At the forefront is perception. A robot requires the capability to sense the environment, build a model of the world to work with, and identify objects of interest, obstacles and their position in space. Even with substantial advancements in deep learning and computer vision, determining the position and orientation of objects in 3D space, especially in cluttered and partially obscured settings, remains a challenge. In real-life scenarios, like our fridge example, nearby and overlapping items can confuse the most advanced systems, sometimes resulting in significant errors and false positives.

Planning

A robot needs a capability to plan its motion. The term motion planning refers to the problem of finding a solution to drive a robot from an initial state to a goal state. In the context of a robotic arm, with a more specific term, manipulation planning, the problem is to find the sequence of controls that will move the arm from the current configuration, to achieve a certain manipulation goal (say, the robot reaching into the fridge to grasp an object). Working with a robotic arm, it usually involves a much higher degree of freedom (DOF) system, which makes it much harder and computationally expensive to plan.

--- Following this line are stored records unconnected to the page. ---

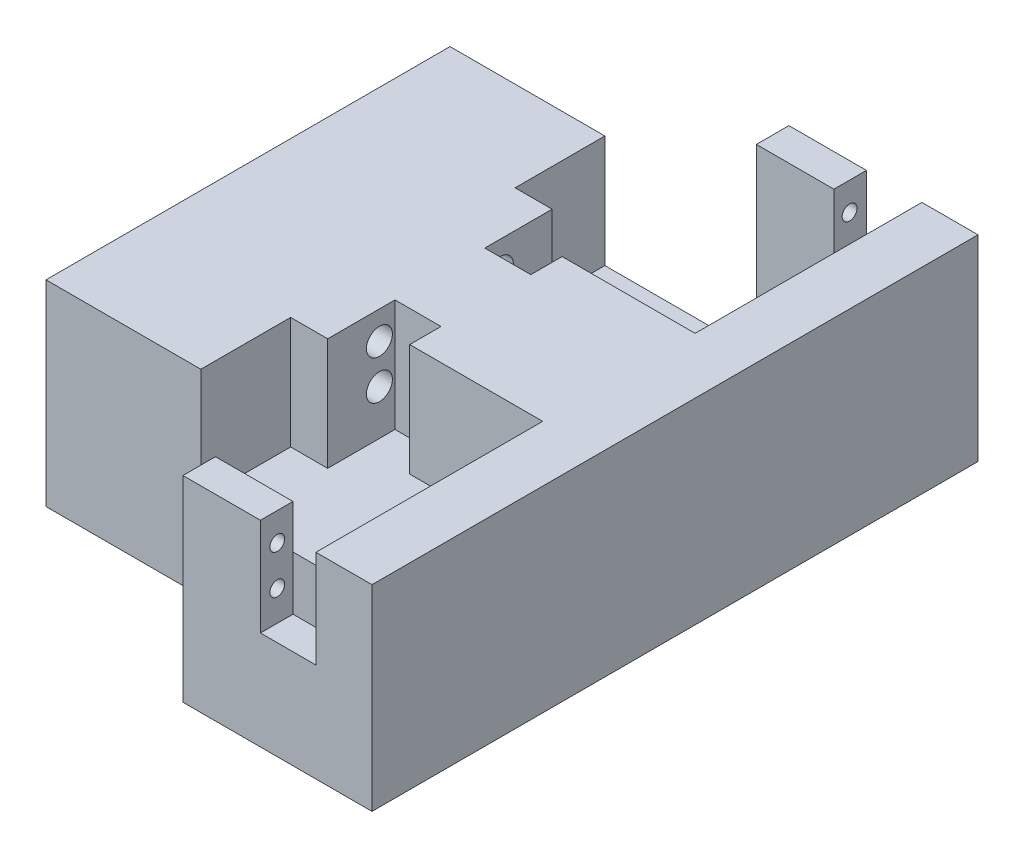
from build123d import *

# Parameters (mm, degrees)
SKETCH1_W           = 88.9
SKETCH1_H           = 91.44
BOSS_EXTRUDE1_DEPTH = 44.45
SKETCH2_W           = 8.382
SKETCH2_H           = 20.32
CUT_EXTRUDE1_DEPTH  = 25.4
BOSS_EXTRUDE2_DEPTH = 44.45
SKETCH4_R           = 1.6764
CUT_EXTRUDE4_DEPTH  = 22.098
SKETCH5_R           = 2.9464
CUT_EXTRUDE6_DEPTH  = 43.434
SKETCH7_W           = 12.552336234
SKETCH7_H           = 7.366
CUT_EXTRUDE7_DEPTH  = 22.098


with BuildPart() as part:
    # Sketch1 → Boss-Extrude1 (new body)
    with BuildSketch(Plane(origin=(0, 0, 0), x_dir=(1, 0, 0), z_dir=(0, 1, 0))):
        Rectangle(SKETCH1_W, SKETCH1_H)
    extrude(amount=BOSS_EXTRUDE1_DEPTH)

    # Sketch2 → Cut-Extrude1 (cut)
    with BuildSketch(Plane(origin=(0, 44.45, 0), x_dir=(1, 0, 0), z_dir=(0, 1, 0))):
        with Locations((-5.207, -35.56)):
            Rectangle(SKETCH2_W, SKETCH2_H)
        Polygon((-1.016, -45.72), (39.497, -45.72), (39.497, -17.2466), (9.398, -17.2466), (9.398, -10.16), (-1.016, -10.16), (-1.016, -25.4), align=None)
        Polygon((39.497, 17.2466), (39.497, 45.72), (-1.016, 45.72), (-1.016, 25.4), (-1.016, 10.16), (9.398, 10.16), (9.398, 17.2466), align=None)
        with Locations((-5.207, 35.56)):
            Rectangle(SKETCH2_W, SKETCH2_H)
    extrude(amount=-CUT_EXTRUDE1_DEPTH, mode=Mode.SUBTRACT)

    # Sketch3 → Boss-Extrude2 (add)
    with BuildSketch(Plane(origin=(0, 44.45, 0), x_dir=(1, 0, 0), z_dir=(0, 1, 0))):
        Polygon((52.197, -68.58), (52.197, 68.58), (9.398, 68.58), (9.398, 61.214), (39.497, 61.214), (39.497, 45.72), (44.45, 45.72), (44.45, -45.72), (39.497, -45.72), (39.497, -61.214), (9.398, -61.214), (9.398, -68.58), align=None)
    extrude(amount=-BOSS_EXTRUDE2_DEPTH)

    # Sketch4 → Cut-Extrude4 (cut)
    with BuildSketch(Plane.ZY.offset(-9.398)):
        with Locations((-64.77, 29.21)):
            Circle(SKETCH4_R)
        with Locations((-64.77, 38.1)):
            Circle(SKETCH4_R)
        with Locations((-13.6906, 38.1)):
            Circle(SKETCH4_R)
        with Locations((-13.6906, 29.21)):
            Circle(SKETCH4_R)
        with Locations((13.6906, 38.1)):
            Circle(SKETCH4_R)
        with Locations((13.6906, 29.21)):
            Circle(SKETCH4_R)
        with Locations((64.77, 38.1)):
            Circle(SKETCH4_R)
        with Locations((64.77, 29.21)):
            Circle(SKETCH4_R)
    extrude(amount=-CUT_EXTRUDE4_DEPTH, mode=Mode.SUBTRACT)

    # Sketch5 → Cut-Extrude6 (cut)
    with BuildSketch(Plane.ZY.offset(44.45)):
        with Locations((-13.6906, 38.1)):
            Circle(SKETCH5_R)
        with Locations((-13.6906, 29.21)):
            Circle(SKETCH5_R)
        with Locations((13.6906, 38.1)):
            Circle(SKETCH5_R)
        with Locations((13.6906, 29.21)):
            Circle(SKETCH5_R)
    extrude(amount=-CUT_EXTRUDE6_DEPTH, mode=Mode.SUBTRACT)

    # Sketch7 → Cut-Extrude7 (cut)
    with BuildSketch(Plane(origin=(0, 44.45, 0), x_dir=(1, 0, 0), z_dir=(0, 1, 0))):
        with Locations((33.220831883, -64.897)):
            Rectangle(SKETCH7_W, SKETCH7_H)
        with Locations((33.220831883, 64.897)):
            Rectangle(SKETCH7_W, SKETCH7_H)
    extrude(amount=-CUT_EXTRUDE7_DEPTH, mode=Mode.SUBTRACT)


solid = part.part
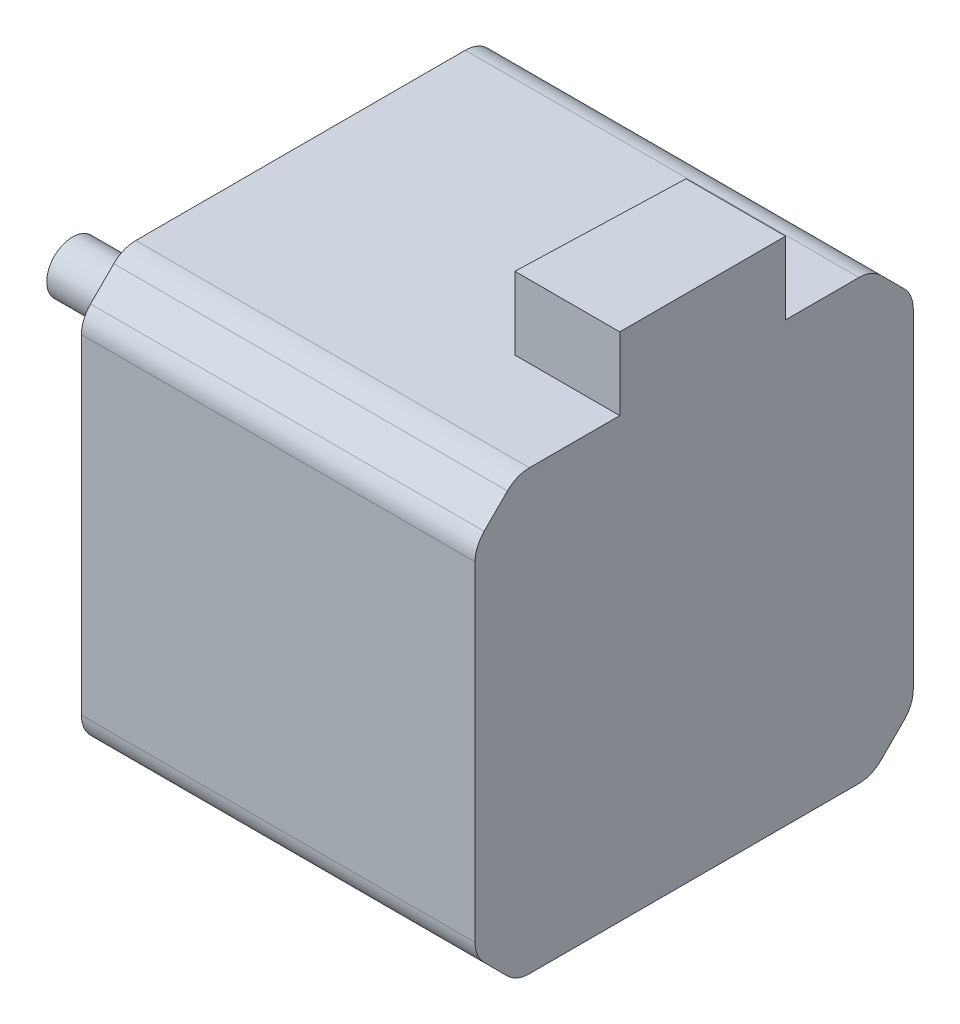
from build123d import *

# Parameters (mm, degrees)
EXTRUDE_2_DEPTH          = 38
SKETCH_2_R               = 11
EXTRUDE_3_DEPTH          = 2
FILLET_1_R               = 1
SKETCH_3_R               = 2.5
EXTRUDE_4_DEPTH          = 20
SKETCH_4_R               = 1.5
CUT_EXTRUDE_1_DEPTH      = 4.5
PATTERN_CIRCULAR_1_COUNT = 4
EXTRUDE_5_DEPTH          = 7


with BuildPart() as part:
    # 草图1 → 凸台-拉伸2 (new body)
    with BuildSketch(Plane(origin=(0, 0, 0), x_dir=(0, 0, -1), z_dir=(1, 0, 0))):
        with BuildLine():
            Line((0.878679656, 39.178679656), (3.121320344, 41.421320344))
            ThreePointArc((3.121320344, 41.421320344), (4.09459039, 42.071638598), (5.242640687, 42.3))
            Line((5.242640687, 42.3), (37.057359313, 42.3))
            ThreePointArc((37.057359313, 42.3), (38.20540961, 42.071638598), (39.178679656, 41.421320344))
            Line((39.178679656, 41.421320344), (41.421320344, 39.178679656))
            ThreePointArc((41.421320344, 39.178679656), (42.071638598, 38.20540961), (42.3, 37.057359313))
            Line((42.3, 37.057359313), (42.3, 5.242640687))
            ThreePointArc((42.3, 5.242640687), (42.071638598, 4.09459039), (41.421320344, 3.121320344))
            Line((41.421320344, 3.121320344), (39.178679656, 0.878679656))
            ThreePointArc((39.178679656, 0.878679656), (38.20540961, 0.228361402), (37.057359313, 0))
            Line((37.057359313, 0), (5.242640687, 0))
            ThreePointArc((5.242640687, 0), (4.09459039, 0.228361402), (3.121320344, 0.878679656))
            Line((3.121320344, 0.878679656), (0.878679656, 3.121320344))
            ThreePointArc((0.878679656, 3.121320344), (0.228361402, 4.09459039), (0, 5.242640687))
            Line((0, 5.242640687), (0, 37.057359313))
            ThreePointArc((0, 37.057359313), (0.228361402, 38.20540961), (0.878679656, 39.178679656))
        make_face()
    extrude(amount=EXTRUDE_2_DEPTH)

    # 草图2 → 凸台-拉伸3 (add)
    with BuildSketch(Plane.ZY):
        with Locations((-21.15, 21.15)):
            Circle(SKETCH_2_R)
    extrude(amount=EXTRUDE_3_DEPTH)

    # 圆角1
    fillet_1_edges = [part.edges().sort_by_distance(p)[0] for p in [
        (-2, 21.15, -32.15),
    ]]
    fillet(fillet_1_edges, radius=FILLET_1_R)

    # 草图3 → 凸台-拉伸4 (add)
    with BuildSketch(Plane.ZY.offset(2)):
        with Locations((-21.15, 21.15)):
            Circle(SKETCH_3_R)
    extrude(amount=EXTRUDE_4_DEPTH)

    # 草图4 → 切除-拉伸1 (cut)
    with BuildSketch(Plane.ZY):
        with Locations((-36.65, 36.65)):
            Circle(SKETCH_4_R)
    cut_extrude_1 = extrude(amount=-CUT_EXTRUDE_1_DEPTH, mode=Mode.SUBTRACT)

    # 阵列(圆周)1: 切除-拉伸1 ×4 about axis
    pattern_circular_1_axis = Axis((0, 21.15, -21.15), (1, 0, 0))
    for i in range(1, PATTERN_CIRCULAR_1_COUNT):
        add(cut_extrude_1.rotate(pattern_circular_1_axis, i * 360 / PATTERN_CIRCULAR_1_COUNT), mode=Mode.SUBTRACT)

    # 草图6 → 凸台-拉伸5 (add)
    with BuildSketch(Plane(origin=(0, 42.3, 0), x_dir=(1, 0, 0), z_dir=(0, 1, 0))):
        Polygon((28.4, 29.967521896), (38, 29.967521896), (38, 13.967521896), (27.87263434, 13.967521896), align=None)
    extrude(amount=EXTRUDE_5_DEPTH)


solid = part.part
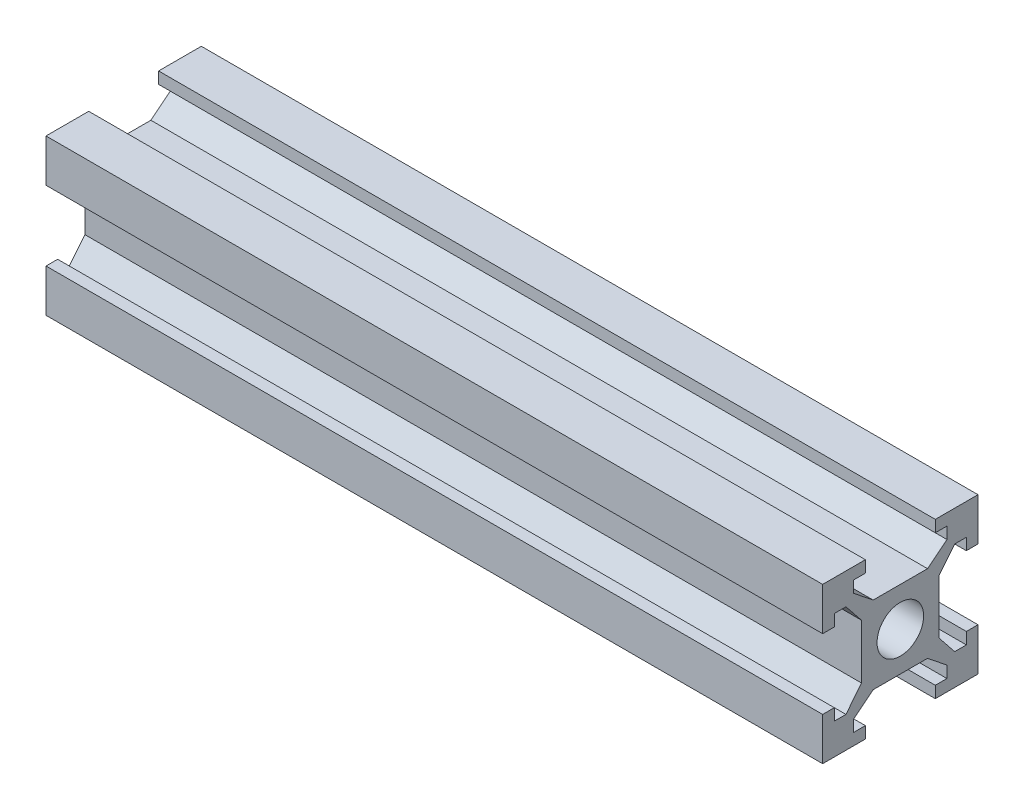
from build123d import *

# Parameters (mm, degrees)
SKETCH1_W           = 20
SKETCH1_H           = 20
BOSS_EXTRUDE1_DEPTH = 100
SKETCH2_R           = 3
CUT_EXTRUDE1_DEPTH  = 101.995049384
CUT_EXTRUDE2_DEPTH  = 101.995049384
CIRPATTERN1_COUNT   = 4


with BuildPart() as part:
    # Sketch1 → Boss-Extrude1 (new body)
    with BuildSketch(Plane(origin=(0, 0, 0), x_dir=(0, 0, -1), z_dir=(1, 0, 0))):
        Rectangle(SKETCH1_W, SKETCH1_H)
    extrude(amount=BOSS_EXTRUDE1_DEPTH)

    # Sketch2 → Cut-Extrude1 (cut, through all)
    with BuildSketch(Plane(origin=(100, 0, 0), x_dir=(0, 0, -1), z_dir=(1, 0, 0))):
        Circle(SKETCH2_R)
    extrude(amount=-CUT_EXTRUDE1_DEPTH, mode=Mode.SUBTRACT)

    # Sketch2<3> → Cut-Extrude2 (cut, through all)
    with BuildSketch(Plane(origin=(100, 0, 0), x_dir=(0, 0, -1), z_dir=(1, 0, 0))):
        Polygon((-3.5, 5), (3.5, 5), (6, 7), (6, 8.5), (4.5, 8.5), (4.5, 10), (-4.5, 10), (-4.5, 8.5), (-6, 8.5), (-6, 7), align=None)
    cut_extrude2 = extrude(amount=-CUT_EXTRUDE2_DEPTH, mode=Mode.SUBTRACT)

    # CirPattern1: Cut-Extrude2 ×4 about axis
    cirpattern1_axis = Axis((0, 0, 0), (1, 0, 0))
    for i in range(1, CIRPATTERN1_COUNT):
        add(cut_extrude2.rotate(cirpattern1_axis, i * 360 / CIRPATTERN1_COUNT), mode=Mode.SUBTRACT)


solid = part.part

Motion planning has indeed progressed, especially for collision-avoidance motion. But in certain scenarios, collision isn’t always detrimental; for instance, while a robot must avoid damaging its surroundings, it may need to interact with objects to move them, for example by pushing them. The primary challenge is the vast dimensionality of these planning problems, demanding intelligent solutions and algorithms.

Physics-based Manipulation

While I touched on collision-free planning earlier, also known as “geometric motion planning”, there’s another dimension: physics-based planning. Here, motion planning algorithms must account for the real-world physics and dynamics of actions. Integrating these physics-aware algorithms entails using a physics simulator, which introduces further complexities. One major challenge is the potential discrepancy between simulated physics and real-world dynamics, posing the risk of real-world failures despite simulated successes. Physics simulation is also expensive to run¹ which poses challenges for fast and real-time motion planning.

Open world manipulation

Ideal environments, where robots operate with fixed objects, known geometries, and repetitive actions, seldom exist outside manufacturing settings. Real-world environments are dynamic, with varied objects and unpredictable human interactions. Thus, creating a system adaptive to these “open worlds” presents its own set of challenges. How does each fridge look like? How are objects expected to be placed in every fridge?

The general focus and interest of my research is in the above challenges: perception, motion planning, physics-based manipulation planning and motion control in an open world. I am interested in building algorithms that enable robots to solve real world problems to amplify what humans can do.